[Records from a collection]
*** Block opens ***

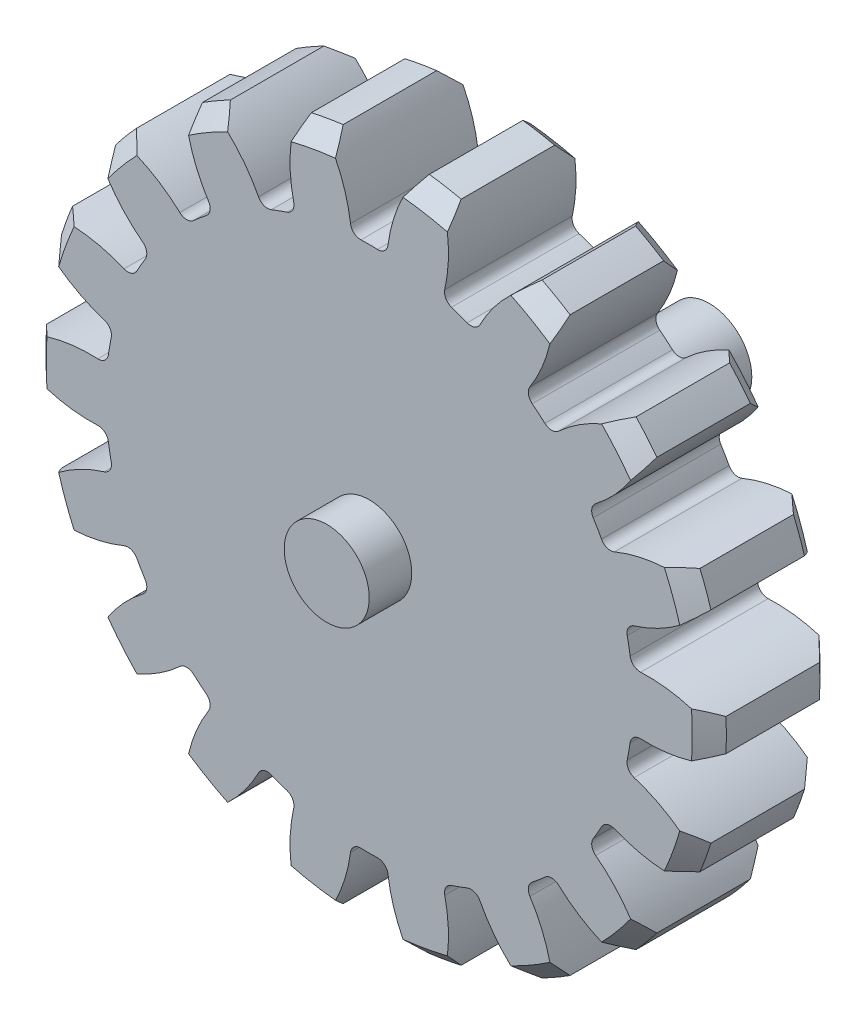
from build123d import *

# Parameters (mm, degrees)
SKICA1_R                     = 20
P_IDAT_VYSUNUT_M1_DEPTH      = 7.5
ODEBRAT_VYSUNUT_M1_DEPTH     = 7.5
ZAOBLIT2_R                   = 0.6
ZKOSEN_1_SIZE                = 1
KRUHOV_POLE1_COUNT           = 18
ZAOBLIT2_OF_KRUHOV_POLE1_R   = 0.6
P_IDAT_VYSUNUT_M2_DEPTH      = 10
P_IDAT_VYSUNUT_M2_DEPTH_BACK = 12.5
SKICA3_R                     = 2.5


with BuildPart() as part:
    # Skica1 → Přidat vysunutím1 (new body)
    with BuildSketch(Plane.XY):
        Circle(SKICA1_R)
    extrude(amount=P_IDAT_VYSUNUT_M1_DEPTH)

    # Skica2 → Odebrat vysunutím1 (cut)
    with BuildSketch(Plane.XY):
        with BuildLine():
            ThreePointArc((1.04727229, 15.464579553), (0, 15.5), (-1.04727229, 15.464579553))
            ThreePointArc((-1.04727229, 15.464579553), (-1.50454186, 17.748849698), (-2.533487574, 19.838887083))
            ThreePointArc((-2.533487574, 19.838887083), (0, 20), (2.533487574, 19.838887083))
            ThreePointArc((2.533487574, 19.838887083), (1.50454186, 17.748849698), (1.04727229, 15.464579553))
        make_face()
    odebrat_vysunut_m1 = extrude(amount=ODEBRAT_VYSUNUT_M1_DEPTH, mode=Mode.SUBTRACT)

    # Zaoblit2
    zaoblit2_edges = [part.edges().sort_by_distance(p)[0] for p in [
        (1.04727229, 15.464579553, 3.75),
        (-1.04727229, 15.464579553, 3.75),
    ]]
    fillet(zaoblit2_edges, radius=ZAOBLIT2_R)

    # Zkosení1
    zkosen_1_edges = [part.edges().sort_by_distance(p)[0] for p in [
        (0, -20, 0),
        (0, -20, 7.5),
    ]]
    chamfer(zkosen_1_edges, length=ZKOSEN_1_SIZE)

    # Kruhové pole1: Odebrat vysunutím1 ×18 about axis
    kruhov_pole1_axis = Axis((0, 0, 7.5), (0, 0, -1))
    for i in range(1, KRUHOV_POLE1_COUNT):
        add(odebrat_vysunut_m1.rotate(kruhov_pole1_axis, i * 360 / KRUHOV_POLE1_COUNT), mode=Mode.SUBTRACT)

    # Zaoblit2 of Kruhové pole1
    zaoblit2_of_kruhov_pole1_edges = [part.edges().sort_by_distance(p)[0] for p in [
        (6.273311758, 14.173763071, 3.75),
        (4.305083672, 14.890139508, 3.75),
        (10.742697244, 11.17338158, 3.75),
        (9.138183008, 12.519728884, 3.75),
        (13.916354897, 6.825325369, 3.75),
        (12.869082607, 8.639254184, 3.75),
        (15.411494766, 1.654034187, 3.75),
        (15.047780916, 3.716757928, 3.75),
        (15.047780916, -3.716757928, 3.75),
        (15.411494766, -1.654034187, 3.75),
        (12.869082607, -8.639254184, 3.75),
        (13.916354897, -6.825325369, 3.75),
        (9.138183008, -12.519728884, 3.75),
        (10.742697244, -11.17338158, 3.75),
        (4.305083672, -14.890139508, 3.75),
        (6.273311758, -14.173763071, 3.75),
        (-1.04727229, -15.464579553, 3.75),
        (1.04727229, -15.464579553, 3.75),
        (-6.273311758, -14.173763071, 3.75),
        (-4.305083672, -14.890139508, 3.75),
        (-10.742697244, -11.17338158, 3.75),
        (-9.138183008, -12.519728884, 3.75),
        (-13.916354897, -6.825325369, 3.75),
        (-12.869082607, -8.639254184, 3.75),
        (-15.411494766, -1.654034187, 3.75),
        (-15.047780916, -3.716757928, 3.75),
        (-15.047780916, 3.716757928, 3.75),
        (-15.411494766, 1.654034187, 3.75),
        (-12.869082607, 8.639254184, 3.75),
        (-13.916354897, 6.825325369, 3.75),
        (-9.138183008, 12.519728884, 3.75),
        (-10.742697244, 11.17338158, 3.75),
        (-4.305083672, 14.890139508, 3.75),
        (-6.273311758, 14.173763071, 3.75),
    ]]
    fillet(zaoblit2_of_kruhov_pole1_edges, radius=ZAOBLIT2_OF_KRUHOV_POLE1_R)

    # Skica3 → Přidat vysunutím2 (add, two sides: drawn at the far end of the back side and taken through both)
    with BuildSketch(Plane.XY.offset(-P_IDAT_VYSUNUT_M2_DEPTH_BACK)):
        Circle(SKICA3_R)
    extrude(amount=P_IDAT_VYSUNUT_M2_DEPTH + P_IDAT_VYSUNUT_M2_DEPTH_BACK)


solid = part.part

*** Block closes ***

Problem to work on: Every line above should be duplicated exactly; the pictures are to be left out.

Exercise answer:
from build123d import *

# Parameters (mm, degrees)
SKICA1_R                     = 20
P_IDAT_VYSUNUT_M1_DEPTH      = 7.5
ODEBRAT_VYSUNUT_M1_DEPTH     = 7.5
ZAOBLIT2_R                   = 0.6
ZKOSEN_1_SIZE                = 1
KRUHOV_POLE1_COUNT           = 18
ZAOBLIT2_OF_KRUHOV_POLE1_R   = 0.6
P_IDAT_VYSUNUT_M2_DEPTH      = 10
P_IDAT_VYSUNUT_M2_DEPTH_BACK = 12.5
SKICA3_R                     = 2.5


with BuildPart() as part:
    # Skica1 → Přidat vysunutím1 (new body)
    with BuildSketch(Plane.XY):
        Circle(SKICA1_R)
    extrude(amount=P_IDAT_VYSUNUT_M1_DEPTH)

    # Skica2 → Odebrat vysunutím1 (cut)
    with BuildSketch(Plane.XY):
        with BuildLine():
            ThreePointArc((1.04727229, 15.464579553), (0, 15.5), (-1.04727229, 15.464579553))
            ThreePointArc((-1.04727229, 15.464579553), (-1.50454186, 17.748849698), (-2.533487574, 19.838887083))
            ThreePointArc((-2.533487574, 19.838887083), (0, 20), (2.533487574, 19.838887083))
            ThreePointArc((2.533487574, 19.838887083), (1.50454186, 17.748849698), (1.04727229, 15.464579553))
        make_face()
    odebrat_vysunut_m1 = extrude(amount=ODEBRAT_VYSUNUT_M1_DEPTH, mode=Mode.SUBTRACT)

    # Zaoblit2
    zaoblit2_edges = [part.edges().sort_by_distance(p)[0] for p in [
        (1.04727229, 15.464579553, 3.75),
        (-1.04727229, 15.464579553, 3.75),
    ]]
    fillet(zaoblit2_edges, radius=ZAOBLIT2_R)

    # Zkosení1
    zkosen_1_edges = [part.edges().sort_by_distance(p)[0] for p in [
        (0, -20, 0),
        (0, -20, 7.5),
    ]]
    chamfer(zkosen_1_edges, length=ZKOSEN_1_SIZE)

    # Kruhové pole1: Odebrat vysunutím1 ×18 about axis
    kruhov_pole1_axis = Axis((0, 0, 7.5), (0, 0, -1))
    for i in range(1, KRUHOV_POLE1_COUNT):
        add(odebrat_vysunut_m1.rotate(kruhov_pole1_axis, i * 360 / KRUHOV_POLE1_COUNT), mode=Mode.SUBTRACT)

    # Zaoblit2 of Kruhové pole1
    zaoblit2_of_kruhov_pole1_edges = [part.edges().sort_by_distance(p)[0] for p in [
        (6.273311758, 14.173763071, 3.75),
        (4.305083672, 14.890139508, 3.75),
        (10.742697244, 11.17338158, 3.75),
        (9.138183008, 12.519728884, 3.75),
        (13.916354897, 6.825325369, 3.75),
        (12.869082607, 8.639254184, 3.75),
        (15.411494766, 1.654034187, 3.75),
        (15.047780916, 3.716757928, 3.75),
        (15.047780916, -3.716757928, 3.75),
        (15.411494766, -1.654034187, 3.75),
        (12.869082607, -8.639254184, 3.75),
        (13.916354897, -6.825325369, 3.75),
        (9.138183008, -12.519728884, 3.75),
        (10.742697244, -11.17338158, 3.75),
        (4.305083672, -14.890139508, 3.75),
        (6.273311758, -14.173763071, 3.75),
        (-1.04727229, -15.464579553, 3.75),
        (1.04727229, -15.464579553, 3.75),
        (-6.273311758, -14.173763071, 3.75),
        (-4.305083672, -14.890139508, 3.75),
        (-10.742697244, -11.17338158, 3.75),
        (-9.138183008, -12.519728884, 3.75),
        (-13.916354897, -6.825325369, 3.75),
        (-12.869082607, -8.639254184, 3.75),
        (-15.411494766, -1.654034187, 3.75),
        (-15.047780916, -3.716757928, 3.75),
        (-15.047780916, 3.716757928, 3.75),
        (-15.411494766, 1.654034187, 3.75),
        (-12.869082607, 8.639254184, 3.75),
        (-13.916354897, 6.825325369, 3.75),
        (-9.138183008, 12.519728884, 3.75),
        (-10.742697244, 11.17338158, 3.75),
        (-4.305083672, 14.890139508, 3.75),
        (-6.273311758, 14.173763071, 3.75),
    ]]
    fillet(zaoblit2_of_kruhov_pole1_edges, radius=ZAOBLIT2_OF_KRUHOV_POLE1_R)

    # Skica3 → Přidat vysunutím2 (add, two sides: drawn at the far end of the back side and taken through both)
    with BuildSketch(Plane.XY.offset(-P_IDAT_VYSUNUT_M2_DEPTH_BACK)):
        Circle(SKICA3_R)
    extrude(amount=P_IDAT_VYSUNUT_M2_DEPTH + P_IDAT_VYSUNUT_M2_DEPTH_BACK)


solid = part.part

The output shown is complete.